10. The apparatus of claim 8, wherein the processor is further configured to extract a relative position of one hand to another hand of the operator in the first gesture.

11. The apparatus of claim 1, wherein the at least one gesture extracted by the processor includes a second gesture indicative of the operator extending one arm anteriorly and positioning a portion of the arm relative to a shoulder of the operator, the arm being indicative of a joystick on a multidirectional hinge at the shoulder.

12. The apparatus of claim 11, wherein the processor is further configured to:

a) define a dwell area and a virtual grid in a plane transverse to the length of the extended arm, the grid having a plurality of distinct areas;

b) determine which of the distinct areas is being selected by the operator based upon a location of the portion of the extended arm; and

c) generate the at least one compatible command based upon a distance between the dwell area and the location of the portion of the extended arm

13. The apparatus of claim 1, wherein the at least one gesture extracted by the processor includes a third gesture indicative of the operator extending an arm anteriorly in a pushing motion.

14. The apparatus of claim 1, wherein the at least one gesture extracted by the processor includes a fourth gesture indicative of the operator moving an arm and a hand upwards such that the hand is in a similar level to a head of the operator.

15. The apparatus of claim 1, wherein the at least one command emulates input commands generated by at least one of a keyboard and a mouse.

16. The apparatus of claim 1, wherein the processor is configured to emulate at least one of a keyboard and a mouse such that when the apparatus is connected to the at least one electronic device, the apparatus is recognized as at least one of a class compliant keyboard and class compliant mouse.

17. The apparatus of claim 1, further comprising a display device connected to the at least one processor, the at least one processor configured to provide feedback indicative of the at least one gesture that is being recognized via the display device.
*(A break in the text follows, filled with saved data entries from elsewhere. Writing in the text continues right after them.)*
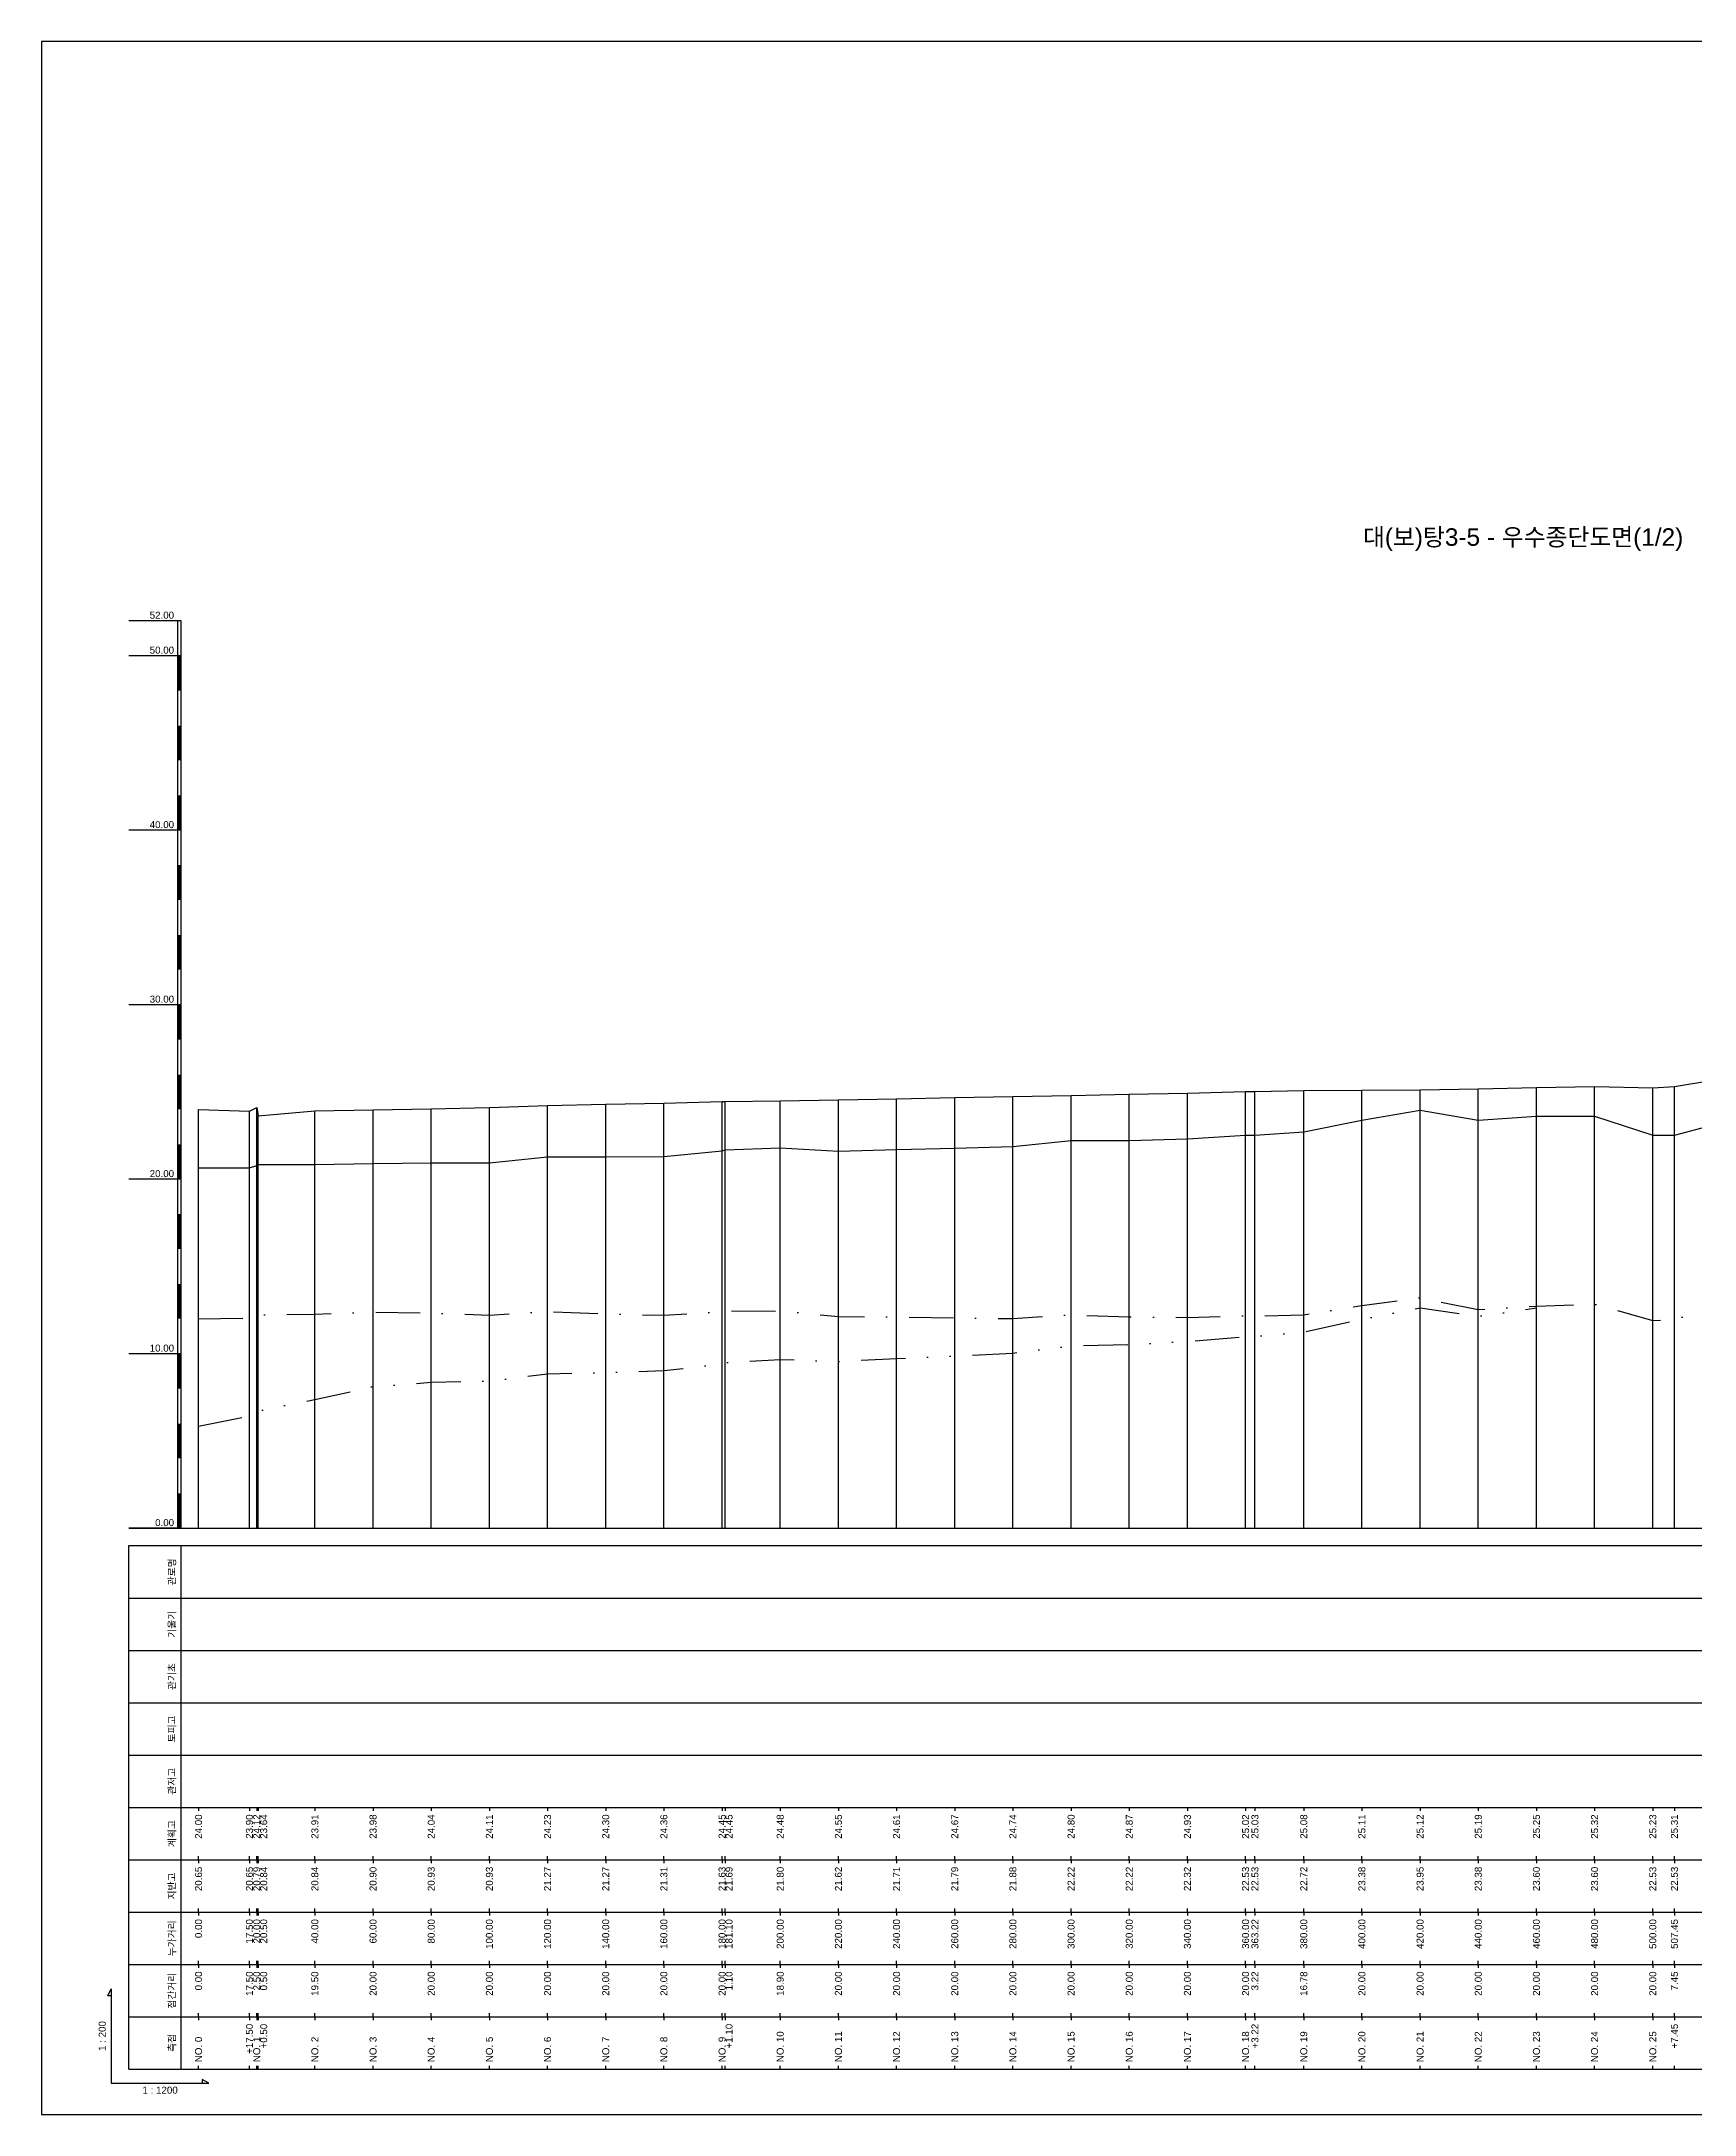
# Model space of a CAD drawing. Header units: millimetres. Extents: x -7351 to 135086, y 1419 to 5643.
# Drawn here: x 106338 to 106812, y 1419 to 2013 of the extents above; entities that cross this region are included whole.
import ezdxf
from ezdxf.enums import TextEntityAlignment as Align

# ---------------------------------------------------------------- set-up
doc = ezdxf.new("R2010")
doc.units = ezdxf.units.MM
doc.linetypes.add('DASHDOT', pattern=[25.4, 12.7, -6.35, 0, -6.35])
doc.linetypes.add('DIVIDE', pattern=[31.75, 12.7, -6.35, 0, -6.35, 0, -6.35])
for name, color, linetype in [('KZ_종단_계획선', 1, 'Continuous'), ('KZ_종단_노선명', 7, 'Continuous'), ('KZ_종단_도각', 7, 'Continuous'), ('KZ_종단_수직선', 7, 'Continuous'), ('KZ_종단_암선1', 56, 'DASHDOT'), ('KZ_종단_암선2', 4, 'DIVIDE'), ('KZ_종단_지반선', 3, 'Continuous'), ('KZ_종단_테이블문자', 7, 'Continuous'), ('KZ_종단_테이블선', 7, 'Continuous'), ('KZ_종단_폴대', 7, 'Continuous')]:
    doc.layers.add(name, color=color, linetype=linetype)
doc.styles.get("Standard").update_dxf_attribs({"font": 'arial.ttf'})

msp = doc.modelspace()

# ---------------------------------------------------------------- linework, layer by layer
at = {"layer": 'KZ_종단_계획선'}
msp.add_lwpolyline([(106383.36, 1707.04), (106397.94, 1706.56), (106400.03, 1707.62), (106400.44, 1705.24), (106416.69, 1706.61), (106433.36, 1706.95), (106450.03, 1707.25), (106466.69, 1707.57), (106483.36, 1708.16), (106500.03, 1708.51), (106516.69, 1708.82), (106533.36, 1709.3), (106534.28, 1709.31), (106550.03, 1709.46), (106566.69, 1709.78), (106583.36, 1710.09), (106600.03, 1710.41), (106616.69, 1710.73), (106633.36, 1711.05), (106650.03, 1711.37), (106666.69, 1711.69), (106683.36, 1712.16), (106686.04, 1712.21), (106700.03, 1712.44), (106716.69, 1712.58), (106733.36, 1712.66), (106750.03, 1712.98), (106766.69, 1713.3), (106783.36, 1713.62), (106800.03, 1713.21), (106806.24, 1713.58), (106816.69, 1715.35)], dxfattribs=at)
at = {"layer": 'KZ_종단_도각'}
msp.add_lwpolyline([(106338.36, 1419.04), (107179.36, 1419.04), (107179.36, 2013.04), (106338.36, 2013.04)], close=True, dxfattribs=at)
at = {"layer": 'KZ_종단_수직선'}
for p, q in [((106616.69, 1587.04), (106616.69, 1710.73)), ((106633.36, 1587.04), (106633.36, 1711.05)), ((106650.03, 1587.04), (106650.03, 1711.37)), ((106666.69, 1587.04), (106666.69, 1711.69)), ((106683.36, 1587.04), (106683.36, 1712.16)), ((106686.04, 1587.04), (106686.04, 1712.21)), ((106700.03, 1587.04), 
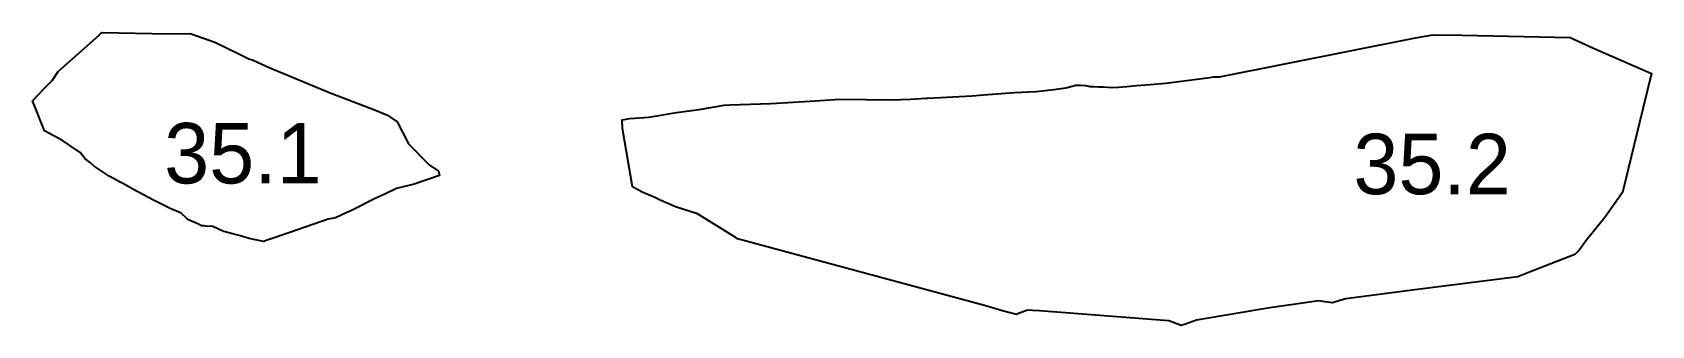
# Model space of a CAD drawing. Extents: x 7 to 141, y 12 to 37.
import ezdxf

# ---------------------------------------------------------------- set-up
doc = ezdxf.new("R2010")
doc.units = 0
doc.layers.get('0').update_dxf_attribs({"color": 255, "linetype": 'CONTINUOUS'})

msp = doc.modelspace()

# ---------------------------------------------------------------- linework, layer by layer
at = {"color": 1}
for points in [[(17.2034, 22.8345), (15.5955, 23.6789), (14.7673, 24.1419), (14.454, 24.3236), (14.2602, 24.4231), (13.5801, 24.7873), (12.3539, 25.6195), (12.0439, 25.8926), (11.5694, 26.2372), (11.1917, 26.7415), (10.4081, 27.2756), (9.73585, 27.7423), (8.25065, 28.54), (7.38621, 30.6754), (7.24237, 31.0124), (7.30918, 31.0804), (7.32244, 31.0925), (8.22692, 32.0194), (8.91257, 32.7351), (9.3749, 33.4433), (12.752, 36.4467), (12.8051, 36.4973), (12.8358, 36.5268), (12.8541, 36.5424), (13.0173, 36.6758), (18.478, 36.55), (20.2686, 36.5688), (22.3092, 35.8662), (24.3146, 34.8978), (25.1888, 34.4696), (25.4322, 34.4062), (26.2136, 34.0337), (26.8205, 33.7784), (31.8629, 31.6707), (35.5905, 30.2436), (36.5782, 29.8394), (37.3854, 29.2666), (38.3191, 27.463), (40.0338, 25.7254), (40.7983, 25.1866), (40.884, 24.8421), (38.8078, 24.1097), (37.3422, 23.7698), (36.4141, 23.3127), (35.5662, 22.9349), (33.5631, 21.9122), (33.1656, 21.7365), (32.2864, 21.3353), (31.678, 21.2165), (28.6024, 20.158), (26.7193, 19.5144), (26.3439, 19.38), (25.1702, 19.6295), (24.4317, 19.8533), (23.5804, 20.0803), (23.1834, 20.1914), (23.0291, 20.206), (22.1428, 20.6295), (21.5979, 20.6391), (21.4117, 20.6632), (21.2323, 20.6878), (20.907, 20.835), (20.5431, 20.9997), (20.1867, 21.1391), (20.0156, 21.2944), (19.5388, 21.7282), (18.6209, 22.0976)], [(96.457, 32.1152), (97.005, 32.1516), (97.7031, 32.2015), (98.4902, 32.2691), (99.6292, 32.3708), (100.909, 32.4732), (104.545, 32.953), (104.854, 32.9933), (105.363, 33.0075), (121.407, 36.1868), (122.973, 36.4827), (125.41, 36.4554), (134.332, 36.2461), (136.272, 35.3641), (141.062, 33.2631), (140.347, 30.3553), (138.665, 23.4354), (137.196, 21.3727), (135.659, 19.4649), (135.111, 18.6768), (134.723, 18.3071), (131.245, 16.9485), (130.002, 16.445), (121.507, 15.3909), (115.788, 14.6458), (115.299, 14.4923), (114.699, 14.3), (114.043, 14.4015), (113.555, 14.4811), (109.509, 13.8888), (103.459, 12.88), (102.54, 12.5455), (102.169, 12.4199), (101.463, 12.7099), (101.166, 12.8299), (90.4721, 13.6373), (89.8906, 13.6761), (89.4928, 13.7027), (88.6095, 13.3667), (88.5653, 13.3499), (87.318, 13.6736), (87.2294, 13.6973), (85.9311, 14.0813), (65.5187, 19.5997), (65.4045, 19.6717), (62.2084, 21.6738), (60.3807, 22.2336), (59.1155, 22.7942), (58.6851, 23.0101), (57.6499, 23.4452), (56.847, 23.8948), (56.0256, 28.7255), (55.9834, 29.4353), (56.6212, 29.5421), (58.1786, 29.6681), (60.485, 30.0384), (62.3567, 30.3033), (64.4013, 30.6612), (64.8741, 30.675), (68.2619, 30.7915), (71.531, 30.9986), (73.9658, 31.1406), (78.2285, 31.1074), (79.8218, 31.1639), (81.0726, 31.2206), (81.2325, 31.2293), (84.8954, 31.4249), (85.8492, 31.5192), (88.4098, 31.6963), (90.2105, 31.7805), (91.6556, 31.9466), (92.6403, 32.0855), (93.4746, 32.3031), (93.9001, 32.3156), (94.2835, 32.2689), (94.6227, 32.1983), (94.9341, 32.2026), (95.3585, 32.1708), (95.7412, 32.16)]]:
    msp.add_lwpolyline(points, close=True, dxfattribs=at)

# ---------------------------------------------------------------- texts
for s, p in [('35.1', (18.1369, 24.1818)), ('35.2', (116.418, 23.2896))]:
    msp.add_text(s, height=5).set_placement(p)

doc.saveas('drawing.dxf')

18. A gesture-based control method comprising:

a) receiving image data and depth data from at least one camera;

b) extracting at least one gesture from the image data and the depth data that is indicative of an activity of an operator within a volume of recognition, the volume of recognition being indicative of a sterile space proximate to the operator;

c) generating at least one command that is compatible with at least one electronic device for displaying medical information based upon the extracted at least one gesture; and

d) providing the at least one compatible command to the at least one electronic device as an input command.

19. (canceled)

20. (canceled)

21. (canceled)

22. (canceled)

23. (canceled)

24. (canceled)

25. (canceled)

26. (canceled)

27. (canceled)

28. (canceled)

29. (canceled)

30. (canceled)

31. (canceled)

32. A medical information system comprising:

a) at least one camera configured to generate image data and depth data;

b) at least one electronic device configured to receive at least one input command and display medical information based upon the received at least one input command;

c) at least one processor operatively coupled to the at least one camera and the at least one electronic device, the processor configured to:

i. receive the image data and the depth data from the at least one camera;

ii. extract at least one gesture from the image data and the depth data that is indicative of an activity of an operator within a volume of recognition, the volume of recognition being indicative of a sterile space proximate to the operator;

iii. generate at least one command that is compatible with the at least one electronic device based on the extracted at least one gesture; and

iv. provide the at least one compatible command to the at least one electronic device as the at least one input command.

33. The apparatus of claim 1, wherein the volume of recognition has:

a) a height that extends between a waist region of the operator to a head region of the operator;

b) a width that extends between opposed shoulder regions of the operator; and

c) a length that extends arms-length from a chest region of the operator.